Butter’s origins are likely more humble, though. Rumor has it a nomad made the first batch by accident. He probably tied a sheepskin bag of milk to his horse and, after a day of jostling, discovered the handy transformation so many generations have noticed and learned to apply: Churned milk fat solidifies into something amazing. The oldest known butter-making technique still in use today is remarkably similar: Farmers in Syria skin a goat, tie the hide up tight, then fill it with milk and begin shaking.

            Although some of the earliest records of butter consumption come from Roman and Arabian sources, Mediterranean people have always favored oil in their cooking. Butter, it seems, was the fat of choice for the tribes of northern Europe — so much so that Anaxandrides, the Greek poet, derisively referred to barbarians from the north as “butter-eaters.” Climate likely played a key role in regional tastes, as the cool weather at northern latitudes allowed people to store butter longer than Mediterranean cultures could. By the 12th century, the butter business was booming across northern Europe. Records show that Scandinavian merchants exported tremendous amounts each year, making the spread a central part of their economy. Butter was so essential to life in Norway, for example, that the King demanded a full bucket every year as a tax.

By the Middle Ages, eaters across much of Europe were hooked. Butter was popular among peasants as a cheap source of nourishment and prized by nobility for the richness it added to cooked meats and vegetables. For one month out of each year, however, the mostly-Christian Europeans made due without their favorite fat. Until the 1600s, butter-eating was banned during Lent. For northern Europeans without access to cooking oils, meal-making could be a struggle during the weeks before Easter. Butter proved so necessary to cooking, in fact, that the wealthy often paid the Church a hefty tithe for permission to eat the fat during the month of self-denial. Demand for this perk was so high that in Rouen, in northwestern France, the Cathedral’s Tour de Beurre — or Butter Tower — was financed and built with such tithes.

Motte de Beurre, Antoine Vollon, c.1880, National Gallery of Art

Across the English Channel in Ireland, butter was so critical to the Irish economy that merchants opened a Butter Exchange in Cork to help regulate the trade. Today, barrels of ancient Irish butter, which were traditionally buried in bogs for aging, are among the most common archeological finds in the Emerald Isle. In France, butter was in such high demand by the 19th century that Emperor Napoleon III offered a large prize for anyone who could manufacture a substitute. In 1869, a French chemist won the award for a new spread made of rendered beef fat and flavored with milk. He called it “oleomargarine,” later shortened to just margarine.  

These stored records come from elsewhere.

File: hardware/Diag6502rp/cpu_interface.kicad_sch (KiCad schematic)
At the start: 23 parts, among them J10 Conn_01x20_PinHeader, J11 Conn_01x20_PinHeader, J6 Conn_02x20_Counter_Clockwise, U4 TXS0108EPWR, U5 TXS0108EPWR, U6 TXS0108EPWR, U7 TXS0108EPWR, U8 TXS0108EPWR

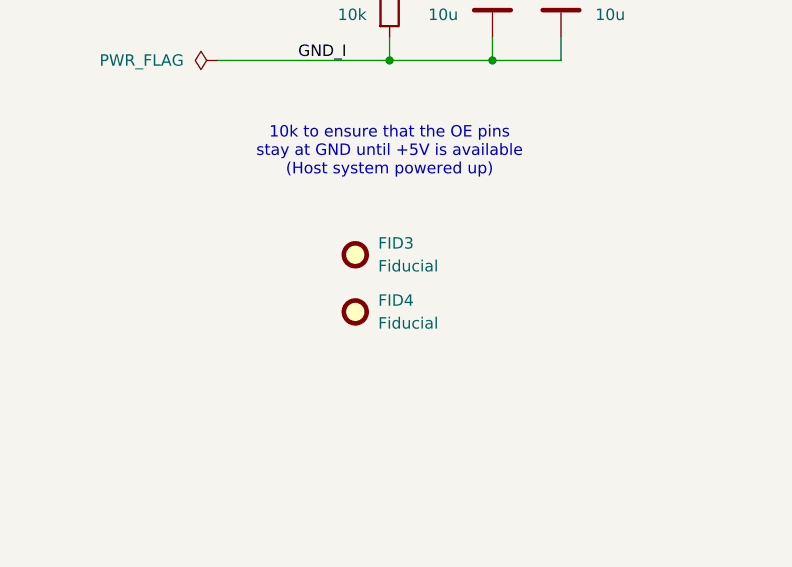
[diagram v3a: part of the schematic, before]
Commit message: More via separation and transfer vias
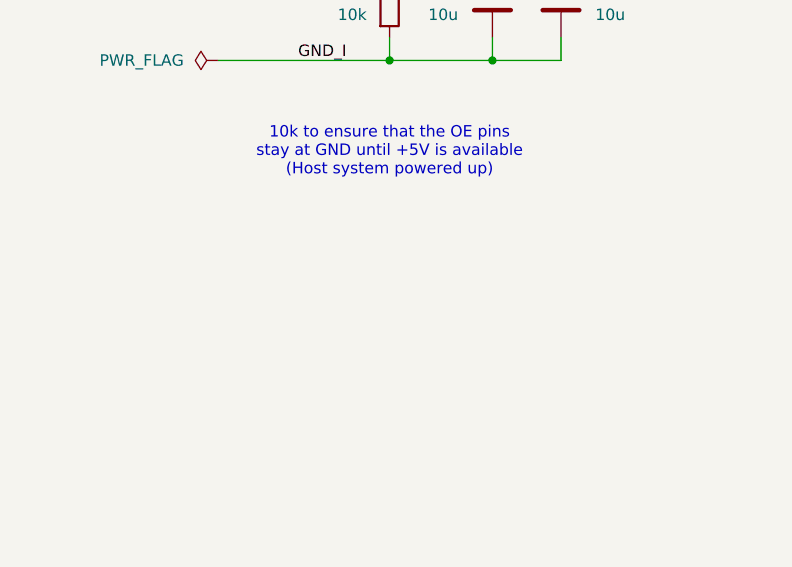
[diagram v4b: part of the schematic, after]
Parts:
- removed FID3, FID4: Fiducial, Fiducial:Fiducial_1mm_Mask2mm, symbol Mechanical:Fiducial
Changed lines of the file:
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@@
-	)
-	(symbol
-		(lib_id "Mechanical:Fiducial")
-		(at 231.14 149.86 0)
-		(unit 1)
-		(exclude_from_sim no)
-		(in_bom no)
-		(on_board yes)
-		(dnp no)
-		(fields_autoplaced yes)
-		(property "Reference" "FID3"
-			(at 233.68 148.5899 0)
-			(effects
-				(font
-					(size 1.27 1.27)
-				)
-				(justify left)
-			)
-		)
-		(property "Value" "Fiducial"
-			(at 233.68 151.1299 0)
-			(effects
-				(font
-					(size 1.27 1.27)
-				)
-				(justify left)
-			)
-		)
-		(property "Footprint" "Fiducial:Fiducial_1mm_Mask2mm"
-			(at 231.14 149.86 0)
-			(effects
-				(font
-					(size 1.27 1.27)
-				)
-				(hide yes)
-			)
-		)
-		(property "Datasheet" "~"
-			(at 231.14 149.86 0)
-			(effects
-				(font
-					(size 1.27 1.27)
-				)
-				(hide yes)
-			)
-		)
-		(property "Description" "Fiducial Marker"
-			(at 231.14 149.86 0)
-			(effects
-				(font
-					(size 1.27 1.27)
-				)
-				(hide yes)
-			)
-		)
-		(instances
-			(project ""
-				(path "/2439caa5-1b7d-40de-b309-64357b0b1cd3/c003db24-4bd6-49ad-8fb6-68dae2466627"
-					(reference "FID3")
-					(unit 1)
-				)
-			)
-		)
 	)
 	(symbol
@@
 					(unit 1)
 				)
-			)
-		)
-	)
-	(symbol
-		(lib_id "Mechanical:Fiducial")
-		(at 231.14 156.21 0)
-		(unit 1)
-		(exclude_from_sim no)
-		(in_bom no)
-		(on_board yes)
-		(dnp no)
-		(fields_autoplaced yes)
-		(property "Reference" "FID4"
-			(at 233.68 154.9399 0)
-			(effects
-				(font
-					(size 1.27 1.27)
-				)
-				(justify left)
-			)
-		)
-		(property "Value" "Fiducial"
-			(at 233.68 157.4799 0)
-			(effects
-				(font
-					(size 1.27 1.27)
-				)
-				(justify left)
-			)
-		)
-		(property "Footprint" "Fiducial:Fiducial_1mm_Mask2mm"
-			(at 231.14 156.21 0)
-			(effects
-				(font
-					(size 1.27 1.27)
-				)
-				(hide yes)
-			)
-		)
-		(property "Datasheet" "~"
-			(at 231.14 156.21 0)
-			(effects
-				(font
-					(size 1.27 1.27)
-				)
-				(hide yes)
-			)
-		)
-		(property "Description" "Fiducial Marker"
-			(at 231.14 156.21 0)
-			(effects
-				(font
-					(size 1.27 1.27)
-				)
-				(hide yes)
-			)
-		)
-		(instances
-			(project ""
-				(path "/2439caa5-1b7d-40de-b309-64357b0b1cd3/c003db24-4bd6-49ad-8fb6-68dae2466627"
-					(reference "FID4")
-					(unit 1)
-				)

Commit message: Rev.A
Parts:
- removed J6: Conn_02x20_Counter_Clockwise, Package_DIP:DIP-40_W15.24mm, symbol Connector_Generic:Conn_02x20_Counter_Clockwise
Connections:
- net +5V_I: now also J11.8 (Pin_8); no longer J11.13 (Pin_13)
- net GND_I: now also J10.20 (Pin_20); no longer J10.1 (Pin_1)
- net PIN_1: now also J11.1 (Pin_1); no longer J11.20 (Pin_20)
- net PIN_10: now also J11.10 (Pin_10); no longer J11.11 (Pin_11)
- net PIN_11: now also J11.11 (Pin_11); no longer J11.10 (Pin_10)
- net PIN_12: now also J11.12 (Pin_12); no longer J11.9 (Pin_9)
- net PIN_13: now also J11.13 (Pin_13); no longer J11.8 (Pin_8)
- net PIN_14: now also J11.14 (Pin_14); no longer J11.7 (Pin_7)
- net PIN_15: now also J11.15 (Pin_15); no longer J11.6 (Pin_6)
- net PIN_16: now also J11.16 (Pin_16); no longer J11.5 (Pin_5)
- net PIN_17: now also J11.17 (Pin_17); no longer J11.4 (Pin_4)
- net PIN_18: now also J11.18 (Pin_18); no longer J11.3 (Pin_3)
- net PIN_19: now also J11.19 (Pin_19); no longer J11.2 (Pin_2)
- net PIN_2: now also J11.2 (Pin_2); no longer J11.19 (Pin_19)
- net PIN_20: now also J11.20 (Pin_20); no longer J11.1 (Pin_1)
- net PIN_22: now also J10.19 (Pin_19); no longer J10.2 (Pin_2)
- net PIN_23: now also J10.18 (Pin_18); no longer J10.3 (Pin_3)
- net PIN_24: now also J10.17 (Pin_17); no longer J10.4 (Pin_4)
- net PIN_25: now also J10.16 (Pin_16); no longer J10.5 (Pin_5)
- net PIN_26: now also J10.15 (Pin_15); no longer J10.6 (Pin_6)
- net PIN_27: now also J10.14 (Pin_14); no longer J10.7 (Pin_7)
- net PIN_28: now also J10.13 (Pin_13); no longer J10.8 (Pin_8)
- net PIN_29: now also J10.12 (Pin_12); no longer J10.9 (Pin_9)
- net PIN_3: now also J11.3 (Pin_3); no longer J11.18 (Pin_18)
- net PIN_30: now also J10.11 (Pin_11); no longer J10.10 (Pin_10)
- net PIN_31: now also J10.10 (Pin_10); no longer J10.11 (Pin_11)
- net PIN_32: now also J10.9 (Pin_9); no longer J10.12 (Pin_12)
- net PIN_33: now also J10.8 (Pin_8); no longer J10.13 (Pin_13)
- net PIN_34: now also J10.7 (Pin_7); no longer J10.14 (Pin_14)
- net PIN_35: now also J10.6 (Pin_6); no longer J10.15 (Pin_15)
- net PIN_36: now also J10.5 (Pin_5); no longer J10.16 (Pin_16)
- net PIN_37: now also J10.4 (Pin_4); no longer J10.17 (Pin_17)
- net PIN_38: now also J10.3 (Pin_3); no longer J10.18 (Pin_18)
- net PIN_39: now also J10.2 (Pin_2); no longer J10.19 (Pin_19)
- net PIN_4: now also J11.4 (Pin_4); no longer J11.17 (Pin_17)
- net PIN_40: now also J10.1 (Pin_1); no longer J10.20 (Pin_20)
- net PIN_5: now also J11.5 (Pin_5); no longer J11.16 (Pin_16)
- net PIN_6: now also J11.6 (Pin_6); no longer J11.15 (Pin_15)
- net PIN_7: now also J11.7 (Pin_7); no longer J11.14 (Pin_14)
- net PIN_9: now also J11.9 (Pin_9); no longer J11.12 (Pin_12)
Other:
- moved on the sheet: J10
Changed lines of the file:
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@@
-	)
-	(symbol
-		(lib_id "Connector_Generic:Conn_02x20_Counter_Clockwise")
-		(at 134.62 138.43 0)
-		(unit 1)
-		(exclude_from_sim no)
-		(in_bom no)
-		(on_board yes)
-		(dnp yes)
-		(fields_autoplaced yes)
-		(property "Reference" "J6"
-			(at 135.89 109.22 0)
-			(effects
-				(font
-					(size 1.27 1.27)
-				)
-			)
-		)
-		(property "Value" "Conn_02x20_Counter_Clockwise"
-			(at 135.89 111.76 0)
-			(effects
-				(font
-					(size 1.27 1.27)
-				)
-			)
-		)
-		(property "Footprint" "Package_DIP:DIP-40_W15.24mm"
-			(at 134.62 138.43 0)
-			(effects
-				(font
-					(size 1.27 1.27)
-				)
-				(hide yes)
-			)
-		)
-		(property "Datasheet" "~"
-			(at 134.62 138.43 0)
-			(effects
-				(font
-					(size 1.27 1.27)
-				)
-				(hide yes)
-			)
-		)
-		(property "Description" "Generic connector, double row, 02x20, counter clockwise pin numbering scheme (similar to DIP package numbering), script generated (kicad-library-utils/schlib/autogen/connector/)"
-			(at 134.62 138.43 0)
-			(effects
-				(font
-					(size 1.27 1.27)
-				)
-				(hide yes)
-			)
-		)
-		(property "LCSC Part #" ""
-			(at 134.62 138.43 0)
-			(effects
-				(font
-					(size 1.27 1.27)
-				)
-				(hide yes)
-			)
-		)
-		(property "Mouser Part #" ""
-			(at 134.62 138.43 0)
-			(effects
-				(font
-					(size 1.27 1.27)
-				)
-				(hide yes)
-			)
-		)
-		(property "LCSC Name" ""
-			(at 134.62 138.43 0)
-			(effects
-				(font
-					(size 1.27 1.27)
-				)
-				(hide yes)
-			)
-		)
-		(pin "8"
-		)
-		(pin "7"
-		)
-		(pin "9"
-		)
-		(pin "21"
-		)
-		(pin "16"
-		)
-		(pin "18"
-		)
-		(pin "30"
-		)
-		(pin "17"
-		)
-		(pin "3"
-		)
-		(pin "38"
-		)
-		(pin "24"
-		)
-		(pin "32"
-		)
-		(pin "5"
-		)
-		(pin "6"
-		)
-		(pin "15"
-		)
-		(pin "40"
-		)
-		(pin "10"
-		)
-		(pin "1"
-		)
-		(pin "11"
-		)
-		(pin "20"
-		)
-		(pin "22"
-		)
-		(pin "23"
-		)
-		(pin "13"
-		)
-		(pin "14"
-		)
-		(pin "12"
-		)
-		(pin "19"
-		)
-		(pin "2"
-		)
-		(pin "25"
-		)
-		(pin "26"
-		)
-		(pin "27"
-		)
-		(pin "28"
-		)
-		(pin "29"
-		)
-		(pin "31"
-		)
-		(pin "34"
-		)
-		(pin "36"
-		)
-		(pin "35"
-		)
-		(pin "37"
-		)
-		(pin "33"
-		)
-		(pin "39"
-		)
-		(pin "4"
-		)
-		(instances
-			(project ""
-				(path "/2439caa5-1b7d-40de-b309-64357b0b1cd3/c003db24-4bd6-49ad-8fb6-68dae2466627"
-					(reference "J6")
-					(unit 1)
-				)
-			)
-		)
 	)
 	(symbol
@@
 	(symbol
 		(lib_id "Connector:Conn_01x20_Pin")
-		(at 111.76 140.97 0)
-		(mirror x)
+		(at 111.76 138.43 0)
 		(unit 1)
 		(exclude_from_sim no)
@@
 		(dnp no)
 		(property "Reference" "J11"
-			(at 110.49 138.4299 0)
+			(at 110.49 140.9701 0)
 			(effects
 				(font
@@
 		)
 		(property "Value" "Conn_01x20_PinHeader"
-			(at 110.49 140.9699 0)
+			(at 110.49 138.4301 0)
 			(effects
 				(font
@@
 		)
 		(property "Footprint" "Connector_PinHeader_2.54mm:PinHeader_1x20_P2.54mm_Vertical"
-			(at 111.76 140.97 0)
+			(at 111.76 138.43 0)
 			(effects
 				(font
@@
 		)
 		(property "Datasheet" "~"
-			(at 111.76 140.97 0)
+			(at 111.76 138.43 0)
 			(effects
 				(font
@@
 		)
 		(property "Description" "Generic connector, single row, 01x20, script generated"
-			(at 111.76 140.97 0)
+			(at 111.76 138.43 0)
 			(effects
 				(font
@@
 		)
 		(property "LCSC Part #" "C50981"
-			(at 111.76 140.97 0)
+			(at 111.76 138.43 0)
 			(effects
 				(font
@@
 		)
 		(property "Mouser Part #" ""
-			(at 111.76 140.97 0)
+			(at 111.76 138.43 0)
 			(effects
 				(font
@@
 		)
 		(property "LCSC Name" ""
-			(at 111.76 140.97 0)
+			(at 111.76 138.43 0)
 			(effects
 				(font
@@
 	(symbol
 		(lib_id "Connector:Conn_01x20_Pin")
-		(at 158.75 140.97 180)
+		(at 158.75 138.43 0)
+		(mirror y)
 		(unit 1)
 		(exclude_from_sim no)
@@
 		(on_board yes)
 		(dnp no)
-		(fields_autoplaced yes)
 		(property "Reference" "J10"
-			(at 160.02 138.4299 0)
+			(at 160.02 140.9701 0)
 			(effects
 				(font
@@
 		)
 		(property "Value" "Conn_01x20_PinHeader"
-			(at 160.02 140.9699 0)
+			(at 160.02 138.4301 0)
 			(effects
 				(font
@@
 		)
 		(property "Footprint" "Connector_PinHeader_2.54mm:PinHeader_1x20_P2.54mm_Vertical"
-			(at 158.75 140.97 0)
+			(at 158.75 138.43 0)
 			(effects
 				(font
@@
 		)
 		(property "Datasheet" "~"
-			(at 158.75 140.97 0)
+			(at 158.75 138.43 0)
 			(effects
 				(font
@@
 		)
 		(property "Description" "Generic connector, single row, 01x20, script generated"
-			(at 158.75 140.97 0)
+			(at 158.75 138.43 0)
 			(effects
 				(font
@@
 		)
 		(property "LCSC Part #" "C50981"
-			(at 158.75 140.97 0)
+			(at 158.75 138.43 0)
 			(effects
 				(font
@@
 		)
 		(property "Mouser Part #" ""
-			(at 158.75 140.97 0)
+			(at 158.75 138.43 0)
 			(effects
 				(font
@@
 		)
 		(property "LCSC Name" ""
-			(at 158.75 140.97 0)
-			(effects
-				(font
+			(at 158.75 138.43 0)
+			(effects
+				(font

Across the Atlantic, butter consumption started with the pilgrims, who packed several barrels for their journey on the Mayflower. During the next three centuries, butter became a staple of the American farm.  At the turn of the 20th century, Americans’ annual consumption was an astonishing 18 pounds of butter per capita—nearly a stick and a half per person per week!

The Great Depression and World War II challenged America’s love affair with butter. The turmoil brought shortages and rationing, and margarine — now made with vegetable oil and yellow food coloring — became a cheaper option for American families. Butter consumption took a nosedive. In addition, dieticians and the USDA began promoting a low-fat diet in the 1980s, and butter became déclassé. By 1997, consumption had fallen to 4.1 pounds per capita per year.

Since then, however, butter has staged a comeback. Researchers have discovered that the ingredients in old-style margarine are significantly worse for heart health than the saturated fats found in natural butter. The news has lured more and more Americans back to their buttery traditions. The passion for delectable cuisine is bolstering consumption once again as artisanal butters appear in chilled grocery cases across the country. And at top restaurants around the globe, chefs are doing extraordinary things with this millennia-old food, creating an exciting new page in the history of butter.